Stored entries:
==================================================

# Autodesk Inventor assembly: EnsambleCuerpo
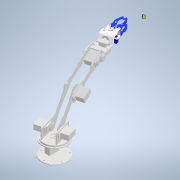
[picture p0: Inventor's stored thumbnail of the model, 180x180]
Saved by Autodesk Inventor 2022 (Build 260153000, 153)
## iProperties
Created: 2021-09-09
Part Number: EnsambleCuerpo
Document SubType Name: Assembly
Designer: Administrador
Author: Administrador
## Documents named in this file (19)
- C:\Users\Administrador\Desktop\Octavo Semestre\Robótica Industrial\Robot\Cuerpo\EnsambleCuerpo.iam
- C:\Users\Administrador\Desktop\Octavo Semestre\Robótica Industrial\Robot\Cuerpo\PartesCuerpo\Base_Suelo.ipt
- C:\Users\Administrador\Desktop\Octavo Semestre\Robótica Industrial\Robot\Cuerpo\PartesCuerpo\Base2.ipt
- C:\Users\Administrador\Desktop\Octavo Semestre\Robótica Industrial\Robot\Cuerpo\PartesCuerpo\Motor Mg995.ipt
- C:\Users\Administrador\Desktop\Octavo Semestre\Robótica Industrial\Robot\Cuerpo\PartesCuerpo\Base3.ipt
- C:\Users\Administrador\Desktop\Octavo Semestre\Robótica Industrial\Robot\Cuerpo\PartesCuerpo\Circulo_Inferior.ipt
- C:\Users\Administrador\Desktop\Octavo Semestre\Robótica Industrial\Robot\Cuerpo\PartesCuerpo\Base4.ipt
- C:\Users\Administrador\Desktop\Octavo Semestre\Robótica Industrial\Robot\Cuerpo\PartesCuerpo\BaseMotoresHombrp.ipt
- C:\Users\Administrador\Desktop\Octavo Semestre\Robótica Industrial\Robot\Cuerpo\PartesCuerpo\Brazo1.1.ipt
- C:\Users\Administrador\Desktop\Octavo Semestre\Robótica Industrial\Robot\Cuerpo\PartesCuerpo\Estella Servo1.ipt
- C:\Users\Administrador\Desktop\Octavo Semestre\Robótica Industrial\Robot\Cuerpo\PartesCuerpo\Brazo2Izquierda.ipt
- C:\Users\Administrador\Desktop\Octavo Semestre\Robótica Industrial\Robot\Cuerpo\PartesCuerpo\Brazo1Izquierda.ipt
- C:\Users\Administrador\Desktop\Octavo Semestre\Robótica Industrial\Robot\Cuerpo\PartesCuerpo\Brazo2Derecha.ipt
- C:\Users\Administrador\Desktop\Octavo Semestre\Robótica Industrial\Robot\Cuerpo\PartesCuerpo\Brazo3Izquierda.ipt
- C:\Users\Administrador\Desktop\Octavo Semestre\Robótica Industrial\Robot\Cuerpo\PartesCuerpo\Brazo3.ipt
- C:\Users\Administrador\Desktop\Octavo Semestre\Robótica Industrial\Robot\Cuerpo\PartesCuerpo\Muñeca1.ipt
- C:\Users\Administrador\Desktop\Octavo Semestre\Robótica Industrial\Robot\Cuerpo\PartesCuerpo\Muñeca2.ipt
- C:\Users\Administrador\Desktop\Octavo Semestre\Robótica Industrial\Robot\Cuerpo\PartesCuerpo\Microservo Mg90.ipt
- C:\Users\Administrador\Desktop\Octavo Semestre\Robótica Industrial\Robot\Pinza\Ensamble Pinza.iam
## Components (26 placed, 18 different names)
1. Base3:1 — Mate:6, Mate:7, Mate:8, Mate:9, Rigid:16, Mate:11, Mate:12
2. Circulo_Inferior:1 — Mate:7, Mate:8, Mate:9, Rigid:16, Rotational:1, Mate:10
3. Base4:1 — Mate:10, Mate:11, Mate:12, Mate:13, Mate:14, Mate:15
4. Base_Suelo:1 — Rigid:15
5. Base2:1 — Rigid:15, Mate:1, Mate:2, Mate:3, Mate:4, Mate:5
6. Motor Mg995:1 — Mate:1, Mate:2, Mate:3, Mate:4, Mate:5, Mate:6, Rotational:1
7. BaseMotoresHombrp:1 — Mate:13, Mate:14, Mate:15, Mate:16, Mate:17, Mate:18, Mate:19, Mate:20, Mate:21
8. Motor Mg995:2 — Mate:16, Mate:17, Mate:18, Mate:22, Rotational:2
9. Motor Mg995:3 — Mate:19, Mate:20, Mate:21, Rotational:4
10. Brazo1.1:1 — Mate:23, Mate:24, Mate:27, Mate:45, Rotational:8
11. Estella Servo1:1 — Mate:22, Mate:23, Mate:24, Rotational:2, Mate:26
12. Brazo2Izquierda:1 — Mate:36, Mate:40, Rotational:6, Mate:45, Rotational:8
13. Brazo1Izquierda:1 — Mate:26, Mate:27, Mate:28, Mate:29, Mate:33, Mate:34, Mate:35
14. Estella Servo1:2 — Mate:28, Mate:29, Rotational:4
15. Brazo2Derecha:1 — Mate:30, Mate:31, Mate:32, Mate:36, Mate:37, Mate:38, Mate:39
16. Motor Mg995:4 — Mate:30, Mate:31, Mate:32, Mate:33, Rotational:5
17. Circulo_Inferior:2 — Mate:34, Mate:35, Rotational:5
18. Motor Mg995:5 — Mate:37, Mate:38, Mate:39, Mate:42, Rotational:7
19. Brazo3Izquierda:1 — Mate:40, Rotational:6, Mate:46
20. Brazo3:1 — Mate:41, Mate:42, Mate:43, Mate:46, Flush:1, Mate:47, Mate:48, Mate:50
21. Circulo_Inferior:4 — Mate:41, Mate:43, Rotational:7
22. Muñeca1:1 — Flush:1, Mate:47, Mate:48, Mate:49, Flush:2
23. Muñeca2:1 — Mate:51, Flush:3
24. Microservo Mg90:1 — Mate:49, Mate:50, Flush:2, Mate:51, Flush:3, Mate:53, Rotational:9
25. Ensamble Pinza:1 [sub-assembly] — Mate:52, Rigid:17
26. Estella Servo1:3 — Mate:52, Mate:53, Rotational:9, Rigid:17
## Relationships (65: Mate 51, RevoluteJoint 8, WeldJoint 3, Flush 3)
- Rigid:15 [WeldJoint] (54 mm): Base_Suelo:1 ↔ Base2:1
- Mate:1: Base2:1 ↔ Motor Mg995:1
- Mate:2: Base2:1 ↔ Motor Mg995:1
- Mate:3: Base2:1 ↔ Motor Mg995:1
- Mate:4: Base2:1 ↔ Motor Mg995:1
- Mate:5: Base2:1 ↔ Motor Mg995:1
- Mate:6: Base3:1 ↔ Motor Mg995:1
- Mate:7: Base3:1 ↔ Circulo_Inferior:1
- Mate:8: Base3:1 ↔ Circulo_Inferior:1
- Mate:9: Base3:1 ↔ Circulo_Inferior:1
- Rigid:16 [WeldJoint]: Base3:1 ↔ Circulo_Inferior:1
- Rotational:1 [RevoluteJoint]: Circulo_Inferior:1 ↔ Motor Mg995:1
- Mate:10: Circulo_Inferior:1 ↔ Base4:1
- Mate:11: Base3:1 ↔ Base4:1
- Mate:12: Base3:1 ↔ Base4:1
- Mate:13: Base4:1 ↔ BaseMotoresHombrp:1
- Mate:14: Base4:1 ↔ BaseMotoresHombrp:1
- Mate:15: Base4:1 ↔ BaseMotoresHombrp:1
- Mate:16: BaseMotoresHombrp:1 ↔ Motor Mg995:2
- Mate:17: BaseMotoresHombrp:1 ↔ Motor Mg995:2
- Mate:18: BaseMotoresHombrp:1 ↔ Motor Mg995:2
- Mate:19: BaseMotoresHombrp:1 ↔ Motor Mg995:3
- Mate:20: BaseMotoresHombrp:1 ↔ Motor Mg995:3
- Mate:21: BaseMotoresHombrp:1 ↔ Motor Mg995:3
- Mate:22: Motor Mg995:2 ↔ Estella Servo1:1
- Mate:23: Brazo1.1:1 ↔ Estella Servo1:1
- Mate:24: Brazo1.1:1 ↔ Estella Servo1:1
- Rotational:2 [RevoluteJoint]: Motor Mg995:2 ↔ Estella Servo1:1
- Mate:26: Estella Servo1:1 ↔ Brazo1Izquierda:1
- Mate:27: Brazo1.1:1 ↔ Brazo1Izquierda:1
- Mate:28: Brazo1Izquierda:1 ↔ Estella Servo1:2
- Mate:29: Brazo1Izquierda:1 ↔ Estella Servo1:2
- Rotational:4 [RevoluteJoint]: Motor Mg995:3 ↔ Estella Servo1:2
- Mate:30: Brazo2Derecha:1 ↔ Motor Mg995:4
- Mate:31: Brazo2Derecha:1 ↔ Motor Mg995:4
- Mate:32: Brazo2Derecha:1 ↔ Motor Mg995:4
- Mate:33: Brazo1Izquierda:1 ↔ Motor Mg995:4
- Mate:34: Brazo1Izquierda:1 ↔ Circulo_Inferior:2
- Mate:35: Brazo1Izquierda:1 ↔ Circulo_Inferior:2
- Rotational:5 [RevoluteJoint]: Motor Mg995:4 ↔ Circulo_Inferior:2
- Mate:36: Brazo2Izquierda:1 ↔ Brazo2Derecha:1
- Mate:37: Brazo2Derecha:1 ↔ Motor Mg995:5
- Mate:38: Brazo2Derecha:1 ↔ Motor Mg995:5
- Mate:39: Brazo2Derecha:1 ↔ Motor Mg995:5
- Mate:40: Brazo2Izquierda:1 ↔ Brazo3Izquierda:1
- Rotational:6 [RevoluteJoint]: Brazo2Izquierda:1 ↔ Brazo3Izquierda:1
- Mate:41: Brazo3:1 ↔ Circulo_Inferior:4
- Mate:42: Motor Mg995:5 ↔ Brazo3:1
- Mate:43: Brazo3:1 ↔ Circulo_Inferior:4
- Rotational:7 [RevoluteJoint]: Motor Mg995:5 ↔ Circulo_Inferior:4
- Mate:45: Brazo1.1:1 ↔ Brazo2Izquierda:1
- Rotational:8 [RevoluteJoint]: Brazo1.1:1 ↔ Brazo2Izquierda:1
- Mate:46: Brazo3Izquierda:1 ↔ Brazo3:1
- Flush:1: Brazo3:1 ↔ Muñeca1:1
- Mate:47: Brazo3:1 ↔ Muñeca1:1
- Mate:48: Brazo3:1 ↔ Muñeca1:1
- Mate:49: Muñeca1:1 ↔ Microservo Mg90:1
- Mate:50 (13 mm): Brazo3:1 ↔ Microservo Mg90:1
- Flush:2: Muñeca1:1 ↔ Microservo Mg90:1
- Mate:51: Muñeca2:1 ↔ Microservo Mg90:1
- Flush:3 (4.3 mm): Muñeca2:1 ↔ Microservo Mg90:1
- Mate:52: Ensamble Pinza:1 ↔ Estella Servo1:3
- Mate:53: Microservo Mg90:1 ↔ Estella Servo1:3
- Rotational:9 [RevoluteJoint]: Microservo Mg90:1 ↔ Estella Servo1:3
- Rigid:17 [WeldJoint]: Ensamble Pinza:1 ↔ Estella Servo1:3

==================================================

» WORK TO BE COMPLETED
The sole thing to report is how many lines in the data hold the string "Inventor".

» FINAL ANSWER
3